Hepatitis B vaccination

Hepatitis B vaccination

Hepatitis B is caused by a virus that infects the liver. It is one of the most common vaccine-preventable diseases affecting travelers, and can cause acute or chronic infection.

The risks you run depend on several factors: your destination, the length of your stay, the activities you take part in during your trip and whether you come into direct contact with blood or other bodily fluids. Some destinations present a higher risk of infection, as certain regions have a higher number of people with chronic hepatitis B in the general population.

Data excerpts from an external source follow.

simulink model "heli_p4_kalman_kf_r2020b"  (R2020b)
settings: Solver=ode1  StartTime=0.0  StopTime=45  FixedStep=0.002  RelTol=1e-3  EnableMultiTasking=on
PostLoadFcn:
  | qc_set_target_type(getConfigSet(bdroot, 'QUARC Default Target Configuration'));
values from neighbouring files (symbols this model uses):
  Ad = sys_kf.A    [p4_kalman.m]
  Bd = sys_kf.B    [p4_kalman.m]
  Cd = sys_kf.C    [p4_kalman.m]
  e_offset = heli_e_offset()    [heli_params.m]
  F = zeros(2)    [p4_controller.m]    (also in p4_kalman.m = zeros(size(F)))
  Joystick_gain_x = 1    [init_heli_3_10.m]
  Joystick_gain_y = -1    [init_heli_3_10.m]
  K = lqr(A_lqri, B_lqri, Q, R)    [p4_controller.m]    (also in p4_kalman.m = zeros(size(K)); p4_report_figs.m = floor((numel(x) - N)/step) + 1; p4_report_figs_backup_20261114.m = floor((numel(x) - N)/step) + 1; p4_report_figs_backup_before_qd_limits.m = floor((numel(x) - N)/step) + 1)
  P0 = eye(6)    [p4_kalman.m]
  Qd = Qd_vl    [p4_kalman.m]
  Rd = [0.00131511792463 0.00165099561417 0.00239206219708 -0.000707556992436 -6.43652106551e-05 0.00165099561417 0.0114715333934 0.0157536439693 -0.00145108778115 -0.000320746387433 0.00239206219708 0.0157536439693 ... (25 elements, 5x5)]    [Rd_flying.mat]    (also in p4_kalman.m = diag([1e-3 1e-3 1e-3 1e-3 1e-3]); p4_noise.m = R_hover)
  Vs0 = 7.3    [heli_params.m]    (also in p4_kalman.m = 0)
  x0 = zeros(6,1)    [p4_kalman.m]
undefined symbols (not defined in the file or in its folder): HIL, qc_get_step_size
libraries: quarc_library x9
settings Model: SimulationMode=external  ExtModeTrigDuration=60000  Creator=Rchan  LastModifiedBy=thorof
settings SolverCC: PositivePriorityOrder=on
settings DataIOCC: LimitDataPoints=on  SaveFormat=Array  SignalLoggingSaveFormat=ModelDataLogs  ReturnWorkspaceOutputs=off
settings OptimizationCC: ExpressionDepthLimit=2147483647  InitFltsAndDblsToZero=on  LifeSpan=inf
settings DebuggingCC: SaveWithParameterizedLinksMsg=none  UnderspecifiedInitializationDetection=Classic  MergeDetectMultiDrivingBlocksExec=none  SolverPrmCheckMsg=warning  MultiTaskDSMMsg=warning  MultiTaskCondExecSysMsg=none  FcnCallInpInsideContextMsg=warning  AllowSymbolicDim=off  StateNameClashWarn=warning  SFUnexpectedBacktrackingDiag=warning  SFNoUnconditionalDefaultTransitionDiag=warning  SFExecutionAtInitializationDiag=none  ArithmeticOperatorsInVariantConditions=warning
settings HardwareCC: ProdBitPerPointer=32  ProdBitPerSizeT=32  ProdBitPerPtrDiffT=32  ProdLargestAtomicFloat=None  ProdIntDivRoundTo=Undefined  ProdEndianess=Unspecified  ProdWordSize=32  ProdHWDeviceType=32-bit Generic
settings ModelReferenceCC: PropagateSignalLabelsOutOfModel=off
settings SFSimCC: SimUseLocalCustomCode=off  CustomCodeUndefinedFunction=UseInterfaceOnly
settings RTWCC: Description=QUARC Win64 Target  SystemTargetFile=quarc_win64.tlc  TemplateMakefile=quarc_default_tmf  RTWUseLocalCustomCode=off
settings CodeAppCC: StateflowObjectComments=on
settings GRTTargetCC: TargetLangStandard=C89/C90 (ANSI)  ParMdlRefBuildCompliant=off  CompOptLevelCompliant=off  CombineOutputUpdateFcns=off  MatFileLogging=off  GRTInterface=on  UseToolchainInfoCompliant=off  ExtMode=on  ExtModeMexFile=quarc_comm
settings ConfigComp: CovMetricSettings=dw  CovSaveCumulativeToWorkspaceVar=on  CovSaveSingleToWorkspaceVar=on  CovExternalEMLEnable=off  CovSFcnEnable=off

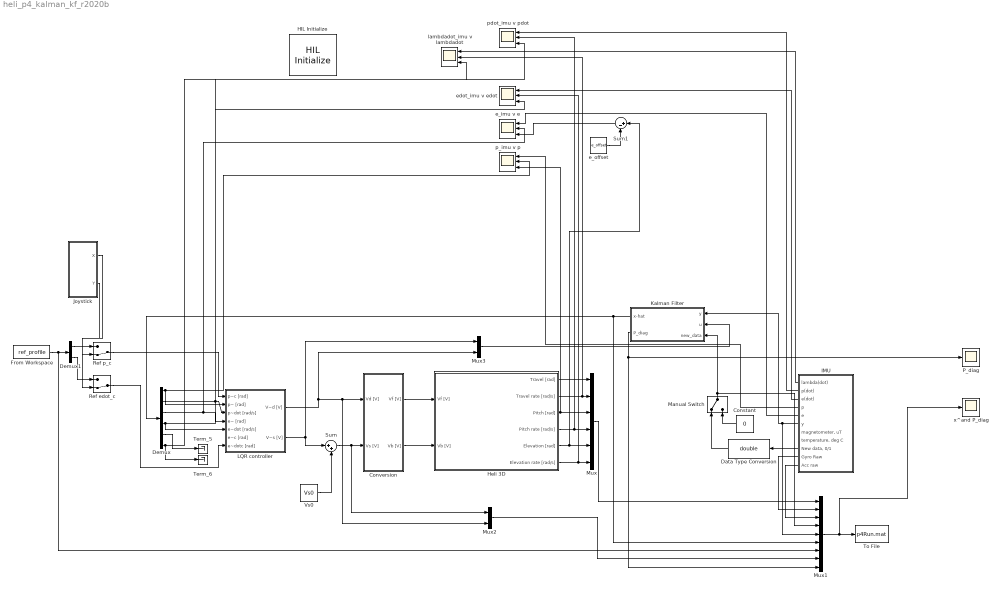
== system heli_p4_kalman_kf_r2020b ==
  Constant : Constant  Value=0
  Conversion : Subsystem
  Data Type Conversion : DataTypeConversion  OutDataTypeStr=double
  Demux : Demux  Outputs=6
  Demux1 : Demux  Outputs=2
  From Workspace : FromWorkspace  VariableName=ref_profile  SampleTime=0.002  OutputAfterFinalValue=Holding final value
  HIL Initialize : quarc_library/Data Acquisition/Generic/Configuration/HIL Initialize  Priority=-99  object_name=HIL-1  board_type=q8_usb  board_number=0  board_options=update_rate=normal;decimation=1  exclusive=off  active=off  hardware_clocks=[0:2]  clock_modes=[]  initial_clock_frequencies=[]  set_clock_params_at_start=off  set_clock_params_at_switch_in=off  set_clock_frequencies_at_start=off  set_clock_frequencies_at_switch_in=off  analog_input_channels=[0:7]  analog_input_configurations=[]  analog_input_maximums=10  analog_input_minimums=-10  set_analog_input_params_at_start=on  set_analog_input_params_at_switch_in=off  analog_output_channels=[0:7]  analog_output_maximums=10  analog_output_minimums=-10  initial_analog_outputs=[0]  final_analog_outputs=[0]  watchdog_analog_outputs=0  set_analog_output_params_at_start=on  set_analog_output_params_at_switch_in=off  set_analog_outputs_at_start=on  set_analog_outputs_at_switch_in=off  set_analog_outputs_at_terminate=on  set_analog_outputs_at_switch_out=off  set_analog_outputs_on_watchdog=off  digital_input_channels=[]  digital_output_channels=[]  digital_output_configuration=[]  initial_digital_outputs=[1]  final_digital_outputs=[1]  watchdog_digital_outputs=[1]  set_digital_output_params_at_start=off  set_digital_output_params_at_switch_in=off  set_digital_outputs_at_start=on  set_digital_outputs_at_switch_in=off  set_digital_outputs_at_terminate=on  set_digital_outputs_at_switch_out=off  set_digital_outputs_on_watchdog=off  encoder_channels=[0:7]  quadrature=[4]  encoder_filter_frequency=[]  initial_encoder_counts=[0]  set_encoder_params_at_start=on  set_encoder_params_at_switch_in=off  set_encoder_counts_at_start=on  set_encoder_counts_at_switch_in=off  pwm_channels=[0:7]  pwm_modes=0  pwm_frequency=99.532799999999995e6/4095  pwm_configuration=[0]  pwm_alignment=[0]  pwm_polarity=[1]  pwm_leading_deadband=[0]  pwm_trailing_deadband=[0]  initial_pwm_outputs=[0]  final_pwm_outputs=[0]  watchdog_pwm_outputs=[0]  set_pwm_params_at_start=on  set_pwm_params_at_switch_in=off  set_pwm_outputs_at_start=on  set_pwm_outputs_at_switch_in=off  set_pwm_outputs_at_terminate=on  set_pwm_outputs_at_switch_out=off  set_pwm_outputs_on_watchdog=off  other_output_channels=[]  initial_other_outputs=[]  final_other_outputs=[]  watchdog_other_outputs=[]  set_other_outputs_at_start=off  set_other_outputs_at_switch_in=off  set_other_outputs_at_terminate=off  set_other_outputs_at_switch_out=off  set_other_outputs_on_watchdog=off
  Heli 3D : Subsystem
  IMU : Subsystem
  Joystick : Subsystem
  Kalman Filter : Subsystem
  LQR controller : Subsystem
  Manual Switch : ManualSwitch
  Mux : Mux  Inputs=6
  Mux1 : Mux  Inputs=9
  Mux2 : Mux  Inputs=2
  Mux3 : Mux  Inputs=2
  P_diag : Scope
  Ref edot_c : ManualSwitch  CurrentSetting=0
  Ref p_c : ManualSwitch  CurrentSetting=0
  Sum : Sum  Inputs=|++
  Sum1 : Sum  Inputs=|+-
  Term_5 : Terminator
  Term_6 : Terminator
  To File : ToFile  Filename=p4Run.mat
  Vs0 : Constant  Value=Vs0
  e_imu v e : Scope  NumInputPorts=3
  e_offset : Constant  Value=e_offset
  edot_imu v edot : Scope  NumInputPorts=3
  lambdadot_imu v lambdadot : Scope  NumInputPorts=3
  p_imu v p : Scope  NumInputPorts=3
  pdot_imu v pdot : Scope  NumInputPorts=3
  x^and P_diag : Scope
  wires:
  Conversion/2(Vb [V]) -> Heli 3D/2(Vb [V])
  Conversion/1(Vf [V]) -> Heli 3D/1(Vf [V])
  Heli 3D/1(Travel [rad]) -> Mux/1
  Mux/1 -> Mux1/1
  Heli 3D/6(Elevation rate [rad/s]) -> edot_imu v edot/2, Mux/6
  Heli 3D/3(Pitch [rad]) -> p_imu v p/3, Mux/3
  Heli 3D/2(Travel rate [rad/s]) -> lambdadot_imu v lambdadot/2, Mux/2
  Heli 3D/4(Pitch rate [rad/s]) -> pdot_imu v pdot/2, Mux/4
  Heli 3D/5(Elevation [rad]) -> Sum1/1, Mux/5
  IMU/1(lambda(dot)) -> lambdadot_imu v lambdadot/1
  IMU/2(p(dot)) -> pdot_imu v pdot/1
  IMU/3(e(dot)) -> edot_imu v edot/1
  IMU/4(p) -> p_imu v p/1
  IMU/5(e) -> e_imu v e/1
  Mux1/1 -> x^and P_diag/1, To File/1
  IMU/10(Gyro Raw) -> Mux1/2
  IMU/11(Acc raw) -> Mux1/3
  IMU/6(y) -> Kalman Filter/1(y), Mux1/5
  LQR controller/1(V~d [V]) -> Mux3/2, Mux2/2, Conversion/1(Vd [V])
  LQR controller/2(V~s [V]) -> Mux3/1, Sum/1
  Demux/1 -> p_imu v p/2, LQR controller/2(p~ [rad])
  Demux/2 -> LQR controller/3(p~dot [rad/s]), pdot_imu v pdot/3
  Vs0/1 -> Sum/2
  Sum/1 -> Mux2/1, Conversion/2(Vs [V])
  From Workspace/1 -> Mux1/7, Demux1/1
  Mux2/1 -> Mux1/8
  Demux/4 -> LQR controller/5(e~dot [rad/s]), edot_imu v edot/3
  IMU/9("New data, 0/1") -> Data Type Conversion/1
  Data Type Conversion/1 -> Manual Switch/1
  Constant/1 -> Manual Switch/2
  Manual Switch/1 -> Kalman Filter/3(new_data), Mux1/4
  Mux3/1 -> Kalman Filter/2(u)
  Kalman Filter/1(x-hat) -> Demux/1, Mux1/6
  Demux/3 -> e_imu v e/2, LQR controller/4(e~ [rad])
  Demux/5 -> Term_5/1
  Demux/6 -> Term_6/1, lambdadot_imu v lambdadot/3
  Kalman Filter/2(P_diag) -> Mux1/9, P_diag/1
  Demux1/1 -> Ref p_c/1
  Joystick/1(X) -> Ref p_c/2
  Ref p_c/1 -> LQR controller/1(p~c [rad])
  Demux1/2 -> Ref edot_c/1
  Joystick/2(Y) -> Ref edot_c/2
  Ref edot_c/1 -> LQR controller/7(e~dotc [rad])
  e_offset/1 -> Sum1/2
  Sum1/1 -> e_imu v e/3

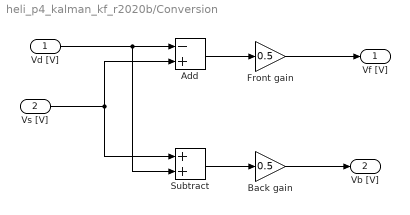
== system heli_p4_kalman_kf_r2020b/Conversion ==
  Vd [V] : Inport
  Vs [V] : Inport  Port=2
  Add : Sum  Inputs=-+
  Back gain : Gain  Gain=0.5
  Front gain : Gain  Gain=0.5
  Subtract : Sum
  Vf [V] : Outport
  Vb [V] : Outport  Port=2
  wires:
  Vd [V]/1 -> Subtract/2, Add/1
  Vs [V]/1 -> Subtract/1, Add/2
  Subtract/1 -> Back gain/1
  Back gain/1 -> Vb [V]/1
  Add/1 -> Front gain/1
  Front gain/1 -> Vf [V]/1

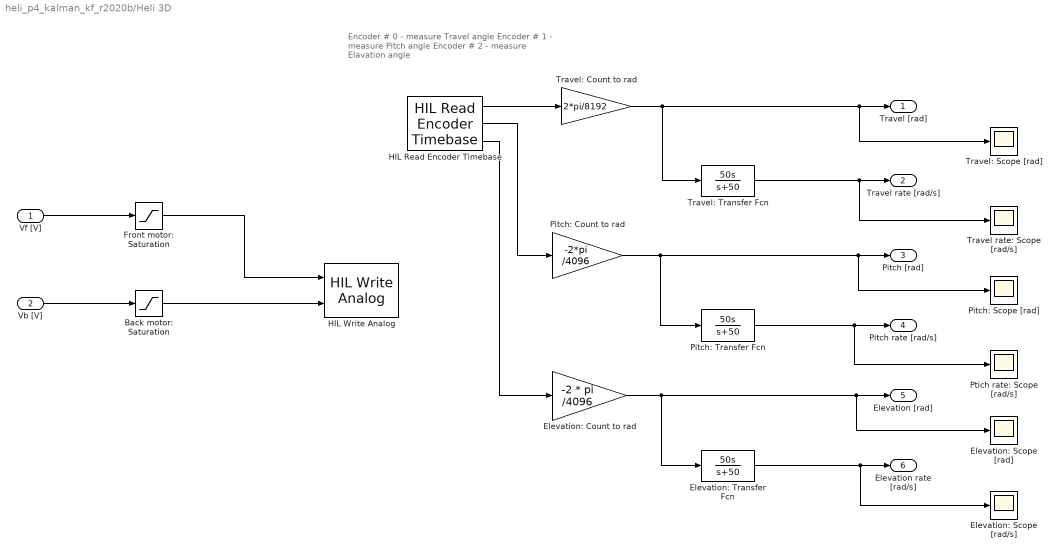
== system heli_p4_kalman_kf_r2020b/Heli 3D ==
  note: Encoder # 0 - measure Travel angle
      | Encoder # 1 - measure Pitch angle
      | Encoder # 2 - measure Elavation angle
  Vf [V] : Inport
  Vb [V] : Inport  Port=2
  Back motor: Saturation : Saturate  UpperLimit=5  LowerLimit=-5
  Elevation: Count to rad : Gain  Gain=-2 * pi /4096
  Elevation: Scope [rad/s] : Scope
  Elevation: Scope [rad] : Scope
  Elevation: Transfer Fcn : TransferFcn  Numerator=[50 0]  Denominator=[1 50]
  Front motor: Saturation : Saturate  UpperLimit=5  LowerLimit=-5
  HIL Read Encoder Timebase : quarc_library/Data Acquisition/Generic/Timebases/HIL Read Encoder Timebase  object_name=HIL-1  clock=0  channels=[0:2]  active=on  vector_output=off  data_type_mode=Inherit via back propagation  data_type=double  overflow_mode=Error on overflow  samples_in_buffer=max(ceil(1/qc_get_step_size), 1)
  HIL Write Analog : quarc_library/Data Acquisition/Generic/Immediate I//O/HIL Write Analog  object_name=HIL-1  channels=[0:1]  sample_time=-1  active=off  vector_input=off
  Pitch: Count to rad : Gain  Gain=-2*pi /4096
  Pitch: Scope [rad] : Scope
  Pitch: Transfer Fcn : TransferFcn  Numerator=[50 0]  Denominator=[1 50]
  Ptich rate: Scope [rad/s] : Scope
  Travel rate: Scope [rad/s] : Scope
  Travel: Count to rad : Gain  Gain=2*pi/8192
  Travel: Scope [rad] : Scope
  Travel: Transfer Fcn : TransferFcn  Numerator=[50 0]  Denominator=[1 50]
  Travel [rad] : Outport
  Travel rate [rad/s] : Outport  Port=2
  Pitch [rad] : Outport  Port=3
  Pitch rate [rad/s] : Outport  Port=4
  Elevation [rad] : Outport  Port=5
  Elevation rate [rad/s] : Outport  Port=6
  wires:
  HIL Read Encoder Timebase/1 -> Travel: Count to rad/1
  HIL Read Encoder Timebase/2 -> Pitch: Count to rad/1
  HIL Read Encoder Timebase/3 -> Elevation: Count to rad/1
  Travel: Count to rad/1 -> Travel: Scope [rad]/1, Travel [rad]/1, Travel: Transfer Fcn/1
  Travel: Transfer Fcn/1 -> Travel rate: Scope [rad/s]/1, Travel rate [rad/s]/1
  Pitch: Count to rad/1 -> Pitch: Transfer Fcn/1, Pitch: Scope [rad]/1, Pitch [rad]/1
  Pitch: Transfer Fcn/1 -> Ptich rate: Scope [rad/s]/1, Pitch rate [rad/s]/1
  Elevation: Count to rad/1 -> Elevation: Transfer Fcn/1, Elevation: Scope [rad]/1, Elevation [rad]/1
  Elevation: Transfer Fcn/1 -> Elevation: Scope [rad/s]/1, Elevation rate [rad/s]/1
  Vf [V]/1 -> Front motor: Saturation/1
  Vb [V]/1 -> Back motor: Saturation/1
  Front motor: Saturation/1 -> HIL Write Analog/1
  Back motor: Saturation/1 -> HIL Write Analog/2

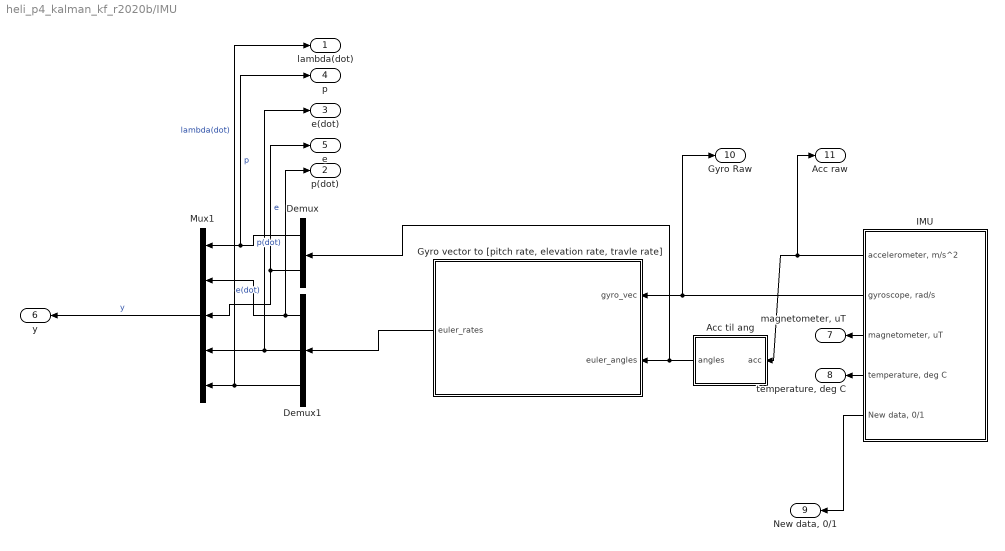
== system heli_p4_kalman_kf_r2020b/IMU ==
  Acc til ang : MATLAB Function  TreatAsAtomicUnit=on
  Demux : Demux  Outputs=2
  Demux1 : Demux  Outputs=3
  "Gyro vector to [pitch rate, elevation rate, travle rate]" : MATLAB Function  TreatAsAtomicUnit=on
  IMU : Subsystem
  Mux1 : Mux  Inputs=5
  lambda(dot) : Outport
  p(dot) : Outport  Port=2
  e(dot) : Outport  Port=3
  p : Outport  Port=4
  e : Outport  Port=5
  y : Outport  Port=6
  "magnetometer, uT" : Outport  Port=7
  "temperature, deg C" : Outport  Port=8
  "New data, 0/1" : Outport  Port=9
  Gyro Raw : Outport  Port=10
  Acc raw : Outport  Port=11
  wires:
  IMU/1("accelerometer, m/s^2") -> Acc raw/1, Acc til ang/1(acc)
  Demux1/3 -> lambda(dot)/1, Mux1/5  "lambda(dot)"
  "Gyro vector to [pitch rate, elevation rate, travle rate]"/1(euler_rates) -> Demux1/1
  IMU/2("gyroscope, rad/s") -> Gyro Raw/1, "Gyro vector to [pitch rate, elevation rate, travle rate]"/1(gyro_vec)
  Demux/1 -> p/1, Mux1/1  "p"
  Demux1/1 -> p(dot)/1, Mux1/2  "p(dot)"
  Demux1/2 -> e(dot)/1, Mux1/4  "e(dot)"
  Mux1/1 -> y/1  "y"
  Demux/2 -> e/1, Mux1/3  "e"
  IMU/5("New data, 0/1") -> "New data, 0/1"/1
  IMU/3("magnetometer, uT") -> "magnetometer, uT"/1
  IMU/4("temperature, deg C") -> "temperature, deg C"/1
  Acc til ang/1(angles) -> Demux/1, "Gyro vector to [pitch rate, elevation rate, travle rate]"/2(euler_angles)

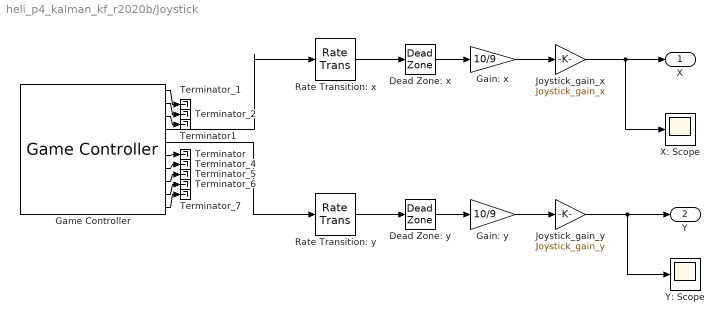
== system heli_p4_kalman_kf_r2020b/Joystick ==
  Dead Zone: x : DeadZone  LowerValue=-0.1  UpperValue=0.1  SaturateOnIntegerOverflow=on
  Dead Zone: y : DeadZone  LowerValue=-0.1  UpperValue=0.1  SaturateOnIntegerOverflow=on
  Gain: x : Gain  Gain=10/9
  Gain: y : Gain  Gain=10/9
  Game Controller : quarc_library/Devices/Peripherals/Target/Game Controller  controller=1  buffer_size=12  deadzone=[]  saturation=[]  sample_time=max(qc_get_step_size, 0.01)  auto_center=off  enabled=on
      settings: SourceProductName=QUARC Targets
  Joystick_gain_x : Gain  Gain=Joystick_gain_x
  Joystick_gain_y : Gain  Gain=Joystick_gain_y
  Rate Transition: x : RateTransition
  Rate Transition: y : RateTransition
  Terminator : Terminator
  Terminator1 : Terminator
  Terminator_{1..2,4..7} (6 alike) : Terminator
  X: Scope : Scope
  Y: Scope : Scope
  X : Outport
  Y : Outport  Port=2
  wires:
  Rate Transition: y/1 -> Dead Zone: y/1
  Rate Transition: x/1 -> Dead Zone: x/1
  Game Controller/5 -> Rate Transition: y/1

Healthcare workers, aid workers and anyone receiving healthcare or dental care using unsterilized or contaminated equipment are at increased risk of infection in a country where hepatitis B is present. The risk increases with certain activities, such as unprotected sex, needle sharing, tattooing and acupuncture.

  • Symptoms may take two to six months to appear.
  • Many people who have contracted hepatitis B have no symptoms or only mild ones.
  • Symptoms of acute hepatitis B can include fatigue, loss of appetite, joint pain, abdominal pain, nausea, vomiting, fever and dark urine. A small number of people will contract jaundice (yellowing of the skin and eyes).
  • Some people who contract chronic hepatitis B will remain contagious for life. Chronic infection can lead to cirrhosis (scarring of the liver) and/or liver cancer. Most people with chronic hepatitis B are unaware of their infection.